Work order ->
Your task is to find every line in the records that holds the string "linetype" and copy it.

Listed entries ->
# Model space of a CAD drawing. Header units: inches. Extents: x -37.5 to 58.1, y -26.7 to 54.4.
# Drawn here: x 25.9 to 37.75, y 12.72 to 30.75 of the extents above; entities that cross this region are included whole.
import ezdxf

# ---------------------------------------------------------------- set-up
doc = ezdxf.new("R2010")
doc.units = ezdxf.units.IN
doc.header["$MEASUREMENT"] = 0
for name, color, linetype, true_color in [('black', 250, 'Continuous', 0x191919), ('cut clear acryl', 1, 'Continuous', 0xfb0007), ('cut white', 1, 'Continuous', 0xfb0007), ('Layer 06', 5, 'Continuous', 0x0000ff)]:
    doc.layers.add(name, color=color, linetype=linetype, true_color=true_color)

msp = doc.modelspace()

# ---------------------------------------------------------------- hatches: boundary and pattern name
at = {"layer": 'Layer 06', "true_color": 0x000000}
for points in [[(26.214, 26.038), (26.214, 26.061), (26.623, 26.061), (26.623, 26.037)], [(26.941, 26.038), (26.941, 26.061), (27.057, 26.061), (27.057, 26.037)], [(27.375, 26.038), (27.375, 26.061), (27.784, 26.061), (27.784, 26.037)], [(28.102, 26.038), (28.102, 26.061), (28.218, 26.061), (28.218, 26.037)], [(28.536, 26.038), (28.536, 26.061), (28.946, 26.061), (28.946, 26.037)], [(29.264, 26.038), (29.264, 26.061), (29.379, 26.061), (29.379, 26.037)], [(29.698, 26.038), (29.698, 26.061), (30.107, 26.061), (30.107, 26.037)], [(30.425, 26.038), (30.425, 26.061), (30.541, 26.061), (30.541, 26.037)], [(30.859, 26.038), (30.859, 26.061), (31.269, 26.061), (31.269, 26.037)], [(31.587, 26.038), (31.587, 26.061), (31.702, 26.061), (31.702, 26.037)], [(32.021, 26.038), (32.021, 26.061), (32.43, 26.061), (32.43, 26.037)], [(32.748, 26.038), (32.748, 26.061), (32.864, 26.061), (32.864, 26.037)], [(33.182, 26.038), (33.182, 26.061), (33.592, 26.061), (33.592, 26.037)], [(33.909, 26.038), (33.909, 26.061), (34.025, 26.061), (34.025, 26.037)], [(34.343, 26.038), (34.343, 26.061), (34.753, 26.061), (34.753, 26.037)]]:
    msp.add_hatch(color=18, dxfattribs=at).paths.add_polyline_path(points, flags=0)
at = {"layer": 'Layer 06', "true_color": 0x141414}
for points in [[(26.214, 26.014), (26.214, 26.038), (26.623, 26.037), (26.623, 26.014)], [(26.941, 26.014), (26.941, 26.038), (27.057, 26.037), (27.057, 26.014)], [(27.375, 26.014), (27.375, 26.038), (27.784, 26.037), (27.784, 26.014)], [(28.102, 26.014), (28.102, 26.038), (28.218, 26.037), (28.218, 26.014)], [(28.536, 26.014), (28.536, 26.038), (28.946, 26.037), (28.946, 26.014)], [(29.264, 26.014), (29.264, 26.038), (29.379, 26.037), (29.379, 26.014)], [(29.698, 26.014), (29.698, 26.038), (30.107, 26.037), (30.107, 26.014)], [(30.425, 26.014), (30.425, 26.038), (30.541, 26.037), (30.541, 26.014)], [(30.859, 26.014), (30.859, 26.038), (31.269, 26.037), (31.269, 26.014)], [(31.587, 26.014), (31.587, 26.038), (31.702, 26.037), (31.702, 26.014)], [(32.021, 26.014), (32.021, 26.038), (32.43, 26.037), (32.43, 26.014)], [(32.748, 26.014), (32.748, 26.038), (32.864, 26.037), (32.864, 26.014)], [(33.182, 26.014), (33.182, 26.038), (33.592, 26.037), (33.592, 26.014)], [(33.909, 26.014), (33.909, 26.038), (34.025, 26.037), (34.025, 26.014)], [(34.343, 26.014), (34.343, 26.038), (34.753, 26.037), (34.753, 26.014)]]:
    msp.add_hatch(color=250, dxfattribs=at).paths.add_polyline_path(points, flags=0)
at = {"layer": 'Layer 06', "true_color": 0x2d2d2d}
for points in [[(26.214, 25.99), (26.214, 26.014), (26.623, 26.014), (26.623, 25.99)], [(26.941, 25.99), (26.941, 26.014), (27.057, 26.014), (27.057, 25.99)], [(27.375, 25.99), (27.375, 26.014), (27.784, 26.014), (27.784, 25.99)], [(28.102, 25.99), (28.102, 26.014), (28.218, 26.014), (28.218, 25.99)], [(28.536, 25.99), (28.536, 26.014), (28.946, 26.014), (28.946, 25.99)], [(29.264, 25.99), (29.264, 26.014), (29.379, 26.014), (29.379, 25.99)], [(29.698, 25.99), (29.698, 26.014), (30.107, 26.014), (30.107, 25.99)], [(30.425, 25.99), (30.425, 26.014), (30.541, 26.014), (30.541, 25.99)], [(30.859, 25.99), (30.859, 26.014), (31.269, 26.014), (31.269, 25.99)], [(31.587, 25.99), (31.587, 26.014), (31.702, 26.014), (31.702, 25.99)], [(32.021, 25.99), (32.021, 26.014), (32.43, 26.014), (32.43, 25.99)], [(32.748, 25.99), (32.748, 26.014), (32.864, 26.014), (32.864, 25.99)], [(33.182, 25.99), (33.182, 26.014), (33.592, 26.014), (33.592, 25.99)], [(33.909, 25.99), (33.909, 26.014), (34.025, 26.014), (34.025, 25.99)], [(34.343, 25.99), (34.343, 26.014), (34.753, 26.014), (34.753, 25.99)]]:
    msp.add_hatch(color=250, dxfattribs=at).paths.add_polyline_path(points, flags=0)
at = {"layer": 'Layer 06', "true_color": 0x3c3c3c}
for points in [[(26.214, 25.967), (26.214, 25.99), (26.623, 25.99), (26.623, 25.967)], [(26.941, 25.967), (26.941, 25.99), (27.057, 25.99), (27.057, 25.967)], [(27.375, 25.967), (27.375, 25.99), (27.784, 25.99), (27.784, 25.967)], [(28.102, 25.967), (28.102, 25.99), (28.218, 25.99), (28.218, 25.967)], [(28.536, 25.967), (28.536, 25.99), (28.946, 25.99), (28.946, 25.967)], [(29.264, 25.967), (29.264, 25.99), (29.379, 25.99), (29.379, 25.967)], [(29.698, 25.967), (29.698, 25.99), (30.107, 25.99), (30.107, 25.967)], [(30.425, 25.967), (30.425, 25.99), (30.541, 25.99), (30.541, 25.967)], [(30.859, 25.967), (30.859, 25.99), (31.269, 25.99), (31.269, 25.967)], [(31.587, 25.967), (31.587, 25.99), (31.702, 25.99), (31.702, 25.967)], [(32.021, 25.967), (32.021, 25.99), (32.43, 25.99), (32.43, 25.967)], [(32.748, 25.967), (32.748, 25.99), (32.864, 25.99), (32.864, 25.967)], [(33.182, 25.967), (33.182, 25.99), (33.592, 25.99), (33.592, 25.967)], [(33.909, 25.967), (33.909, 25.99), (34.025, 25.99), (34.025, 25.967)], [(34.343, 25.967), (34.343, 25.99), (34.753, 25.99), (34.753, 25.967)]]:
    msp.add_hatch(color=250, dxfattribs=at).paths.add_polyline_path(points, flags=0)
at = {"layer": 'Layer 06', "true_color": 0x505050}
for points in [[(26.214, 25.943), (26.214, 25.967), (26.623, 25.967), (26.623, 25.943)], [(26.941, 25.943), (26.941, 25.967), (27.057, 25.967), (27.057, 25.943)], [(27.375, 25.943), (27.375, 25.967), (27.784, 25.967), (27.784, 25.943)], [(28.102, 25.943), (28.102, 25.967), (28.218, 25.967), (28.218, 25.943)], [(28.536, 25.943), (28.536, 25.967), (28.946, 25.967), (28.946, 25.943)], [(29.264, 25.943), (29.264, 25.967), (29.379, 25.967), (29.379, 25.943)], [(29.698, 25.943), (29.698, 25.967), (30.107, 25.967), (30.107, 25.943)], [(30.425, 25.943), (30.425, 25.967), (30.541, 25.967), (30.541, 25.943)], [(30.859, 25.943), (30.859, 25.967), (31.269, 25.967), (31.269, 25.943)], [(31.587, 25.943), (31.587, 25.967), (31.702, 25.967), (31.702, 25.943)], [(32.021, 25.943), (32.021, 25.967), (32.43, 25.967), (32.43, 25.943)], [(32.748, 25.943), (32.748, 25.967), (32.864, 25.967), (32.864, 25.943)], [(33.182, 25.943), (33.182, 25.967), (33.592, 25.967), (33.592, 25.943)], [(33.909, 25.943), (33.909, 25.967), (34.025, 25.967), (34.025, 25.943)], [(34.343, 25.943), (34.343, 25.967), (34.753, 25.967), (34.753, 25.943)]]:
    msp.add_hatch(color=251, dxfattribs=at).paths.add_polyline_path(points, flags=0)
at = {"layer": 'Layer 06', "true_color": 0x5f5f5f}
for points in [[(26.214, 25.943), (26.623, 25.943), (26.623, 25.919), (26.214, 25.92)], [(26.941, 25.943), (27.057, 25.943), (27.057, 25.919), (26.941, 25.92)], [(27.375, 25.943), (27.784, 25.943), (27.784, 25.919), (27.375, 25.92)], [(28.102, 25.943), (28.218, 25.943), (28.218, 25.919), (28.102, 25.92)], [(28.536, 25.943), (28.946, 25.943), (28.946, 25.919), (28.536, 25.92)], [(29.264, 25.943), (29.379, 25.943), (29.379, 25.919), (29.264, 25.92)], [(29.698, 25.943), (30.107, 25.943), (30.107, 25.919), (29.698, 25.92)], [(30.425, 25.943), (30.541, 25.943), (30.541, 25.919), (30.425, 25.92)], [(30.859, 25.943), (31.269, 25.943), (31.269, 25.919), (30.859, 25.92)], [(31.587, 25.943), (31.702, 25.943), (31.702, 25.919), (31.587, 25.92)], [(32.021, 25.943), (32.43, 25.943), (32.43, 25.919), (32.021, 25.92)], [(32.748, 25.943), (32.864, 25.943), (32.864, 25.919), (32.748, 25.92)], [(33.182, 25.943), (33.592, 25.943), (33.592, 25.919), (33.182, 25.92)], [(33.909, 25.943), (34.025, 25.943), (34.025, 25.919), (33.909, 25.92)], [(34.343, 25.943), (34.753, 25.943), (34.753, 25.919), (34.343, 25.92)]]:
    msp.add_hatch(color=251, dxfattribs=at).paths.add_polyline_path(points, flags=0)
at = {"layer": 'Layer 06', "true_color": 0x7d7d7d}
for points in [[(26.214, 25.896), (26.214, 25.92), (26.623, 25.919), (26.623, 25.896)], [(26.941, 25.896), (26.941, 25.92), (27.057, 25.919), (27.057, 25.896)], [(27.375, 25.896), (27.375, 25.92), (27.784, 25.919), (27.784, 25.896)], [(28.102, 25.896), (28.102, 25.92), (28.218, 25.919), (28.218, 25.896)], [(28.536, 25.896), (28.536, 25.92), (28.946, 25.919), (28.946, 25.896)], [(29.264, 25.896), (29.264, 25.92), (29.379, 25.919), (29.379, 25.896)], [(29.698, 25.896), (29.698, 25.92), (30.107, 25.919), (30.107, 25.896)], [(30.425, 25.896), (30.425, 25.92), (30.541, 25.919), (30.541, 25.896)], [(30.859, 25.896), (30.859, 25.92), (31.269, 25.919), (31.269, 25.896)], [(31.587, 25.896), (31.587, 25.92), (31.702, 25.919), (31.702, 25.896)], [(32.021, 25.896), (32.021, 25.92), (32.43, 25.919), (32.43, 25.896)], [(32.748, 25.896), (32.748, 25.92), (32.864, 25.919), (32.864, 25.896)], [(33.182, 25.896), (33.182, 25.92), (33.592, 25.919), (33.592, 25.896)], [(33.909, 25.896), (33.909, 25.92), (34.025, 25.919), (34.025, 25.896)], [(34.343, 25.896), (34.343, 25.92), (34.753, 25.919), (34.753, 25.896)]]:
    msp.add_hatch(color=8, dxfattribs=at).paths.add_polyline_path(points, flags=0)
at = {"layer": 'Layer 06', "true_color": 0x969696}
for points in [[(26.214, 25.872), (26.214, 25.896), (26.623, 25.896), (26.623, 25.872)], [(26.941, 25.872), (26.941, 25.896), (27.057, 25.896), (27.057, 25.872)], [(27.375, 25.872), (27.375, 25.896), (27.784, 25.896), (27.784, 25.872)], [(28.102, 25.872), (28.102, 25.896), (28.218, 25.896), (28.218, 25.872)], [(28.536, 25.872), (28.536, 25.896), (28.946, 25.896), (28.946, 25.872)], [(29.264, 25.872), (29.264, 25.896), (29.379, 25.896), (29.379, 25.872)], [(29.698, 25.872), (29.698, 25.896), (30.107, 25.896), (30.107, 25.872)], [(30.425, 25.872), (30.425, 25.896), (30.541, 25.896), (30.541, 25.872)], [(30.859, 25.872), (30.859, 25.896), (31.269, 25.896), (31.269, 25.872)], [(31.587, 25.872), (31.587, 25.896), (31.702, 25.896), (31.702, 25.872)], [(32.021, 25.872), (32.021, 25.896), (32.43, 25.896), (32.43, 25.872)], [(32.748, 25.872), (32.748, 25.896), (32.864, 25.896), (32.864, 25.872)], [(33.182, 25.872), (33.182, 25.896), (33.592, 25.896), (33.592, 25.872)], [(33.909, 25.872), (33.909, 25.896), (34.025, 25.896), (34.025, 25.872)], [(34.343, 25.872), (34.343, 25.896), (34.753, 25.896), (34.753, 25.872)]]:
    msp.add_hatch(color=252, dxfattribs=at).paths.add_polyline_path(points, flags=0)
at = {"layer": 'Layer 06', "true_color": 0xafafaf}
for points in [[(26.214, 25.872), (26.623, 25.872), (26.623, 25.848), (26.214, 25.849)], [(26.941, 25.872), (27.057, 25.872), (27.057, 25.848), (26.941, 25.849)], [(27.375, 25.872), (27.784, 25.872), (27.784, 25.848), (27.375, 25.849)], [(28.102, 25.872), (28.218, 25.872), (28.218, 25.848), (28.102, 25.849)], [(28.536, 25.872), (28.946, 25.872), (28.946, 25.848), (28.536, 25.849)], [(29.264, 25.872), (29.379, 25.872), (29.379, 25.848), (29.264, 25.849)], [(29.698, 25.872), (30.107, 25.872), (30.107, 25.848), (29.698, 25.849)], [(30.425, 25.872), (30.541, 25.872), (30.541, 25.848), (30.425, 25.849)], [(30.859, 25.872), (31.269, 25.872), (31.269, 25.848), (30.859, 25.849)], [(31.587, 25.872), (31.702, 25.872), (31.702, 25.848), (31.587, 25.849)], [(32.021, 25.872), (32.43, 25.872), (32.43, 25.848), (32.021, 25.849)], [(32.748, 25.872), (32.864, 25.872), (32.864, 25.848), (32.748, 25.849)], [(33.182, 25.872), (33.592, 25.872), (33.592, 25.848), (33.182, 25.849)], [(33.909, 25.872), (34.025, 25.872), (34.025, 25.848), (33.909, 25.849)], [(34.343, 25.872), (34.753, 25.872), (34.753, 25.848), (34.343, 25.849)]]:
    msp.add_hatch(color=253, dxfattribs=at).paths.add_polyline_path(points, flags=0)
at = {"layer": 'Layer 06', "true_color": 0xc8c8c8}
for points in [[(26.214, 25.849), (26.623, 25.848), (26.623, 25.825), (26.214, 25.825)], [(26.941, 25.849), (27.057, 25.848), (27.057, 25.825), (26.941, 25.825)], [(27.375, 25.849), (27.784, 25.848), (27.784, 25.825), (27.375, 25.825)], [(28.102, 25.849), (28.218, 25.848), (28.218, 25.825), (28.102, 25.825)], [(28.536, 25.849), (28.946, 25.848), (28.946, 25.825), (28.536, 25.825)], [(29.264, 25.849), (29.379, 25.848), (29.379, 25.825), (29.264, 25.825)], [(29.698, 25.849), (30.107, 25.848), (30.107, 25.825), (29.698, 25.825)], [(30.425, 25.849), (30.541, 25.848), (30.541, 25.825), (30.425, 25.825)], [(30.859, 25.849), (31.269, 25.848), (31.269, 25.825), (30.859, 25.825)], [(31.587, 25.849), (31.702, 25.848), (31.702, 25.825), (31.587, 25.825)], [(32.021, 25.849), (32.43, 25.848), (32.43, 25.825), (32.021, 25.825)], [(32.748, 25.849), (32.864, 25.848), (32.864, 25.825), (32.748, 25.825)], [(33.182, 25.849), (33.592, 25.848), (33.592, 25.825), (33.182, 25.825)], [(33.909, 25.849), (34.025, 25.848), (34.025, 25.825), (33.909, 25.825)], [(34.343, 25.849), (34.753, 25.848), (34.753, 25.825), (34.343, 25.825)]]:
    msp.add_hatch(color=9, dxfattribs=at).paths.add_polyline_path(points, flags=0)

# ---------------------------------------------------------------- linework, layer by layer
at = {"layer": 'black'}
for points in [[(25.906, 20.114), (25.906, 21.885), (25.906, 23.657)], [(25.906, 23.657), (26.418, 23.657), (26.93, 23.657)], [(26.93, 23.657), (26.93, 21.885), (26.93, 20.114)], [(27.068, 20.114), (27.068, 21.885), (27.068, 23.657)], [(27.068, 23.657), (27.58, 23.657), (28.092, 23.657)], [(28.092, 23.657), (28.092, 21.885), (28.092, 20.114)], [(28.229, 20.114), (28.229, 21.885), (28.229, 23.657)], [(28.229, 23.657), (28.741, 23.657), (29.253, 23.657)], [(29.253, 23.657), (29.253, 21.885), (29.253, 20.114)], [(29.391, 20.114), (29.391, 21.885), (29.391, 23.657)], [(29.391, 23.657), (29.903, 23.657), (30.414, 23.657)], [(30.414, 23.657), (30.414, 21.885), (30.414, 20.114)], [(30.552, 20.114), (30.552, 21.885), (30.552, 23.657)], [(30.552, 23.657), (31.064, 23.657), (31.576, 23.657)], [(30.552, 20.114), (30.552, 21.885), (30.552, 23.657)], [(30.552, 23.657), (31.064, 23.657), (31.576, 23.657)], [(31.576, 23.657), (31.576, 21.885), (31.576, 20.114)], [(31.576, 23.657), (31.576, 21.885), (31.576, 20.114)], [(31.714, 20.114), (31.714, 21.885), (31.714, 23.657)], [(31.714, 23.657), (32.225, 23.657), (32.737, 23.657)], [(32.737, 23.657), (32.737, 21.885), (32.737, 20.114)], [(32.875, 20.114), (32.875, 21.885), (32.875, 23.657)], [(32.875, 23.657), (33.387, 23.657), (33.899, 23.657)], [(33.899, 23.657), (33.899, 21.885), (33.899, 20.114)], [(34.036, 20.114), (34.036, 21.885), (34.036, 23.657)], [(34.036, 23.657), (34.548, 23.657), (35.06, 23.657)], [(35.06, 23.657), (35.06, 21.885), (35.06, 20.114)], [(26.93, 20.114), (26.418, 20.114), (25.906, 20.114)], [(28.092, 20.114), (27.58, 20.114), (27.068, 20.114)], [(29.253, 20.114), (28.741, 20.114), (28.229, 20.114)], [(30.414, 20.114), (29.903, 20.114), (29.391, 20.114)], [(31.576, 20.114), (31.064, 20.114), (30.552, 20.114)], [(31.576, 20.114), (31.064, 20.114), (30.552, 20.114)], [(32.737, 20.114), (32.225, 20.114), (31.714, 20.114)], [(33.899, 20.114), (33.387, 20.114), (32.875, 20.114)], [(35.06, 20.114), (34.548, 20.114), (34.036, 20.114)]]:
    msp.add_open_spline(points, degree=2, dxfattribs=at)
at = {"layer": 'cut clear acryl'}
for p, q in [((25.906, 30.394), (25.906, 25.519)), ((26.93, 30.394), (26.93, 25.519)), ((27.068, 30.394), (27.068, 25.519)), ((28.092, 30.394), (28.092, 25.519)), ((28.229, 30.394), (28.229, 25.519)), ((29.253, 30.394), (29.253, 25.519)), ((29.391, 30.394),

Response to the task ->
for name, color, linetype, true_color in [('black', 250, 'Continuous', 0x191919), ('cut clear acryl', 1, 'Continuous', 0xfb0007), ('cut white', 1, 'Continuous', 0xfb0007), ('Layer 06', 5, 'Continuous', 0x0000ff)]:
    doc.layers.add(name, color=color, linetype=linetype, true_color=true_color)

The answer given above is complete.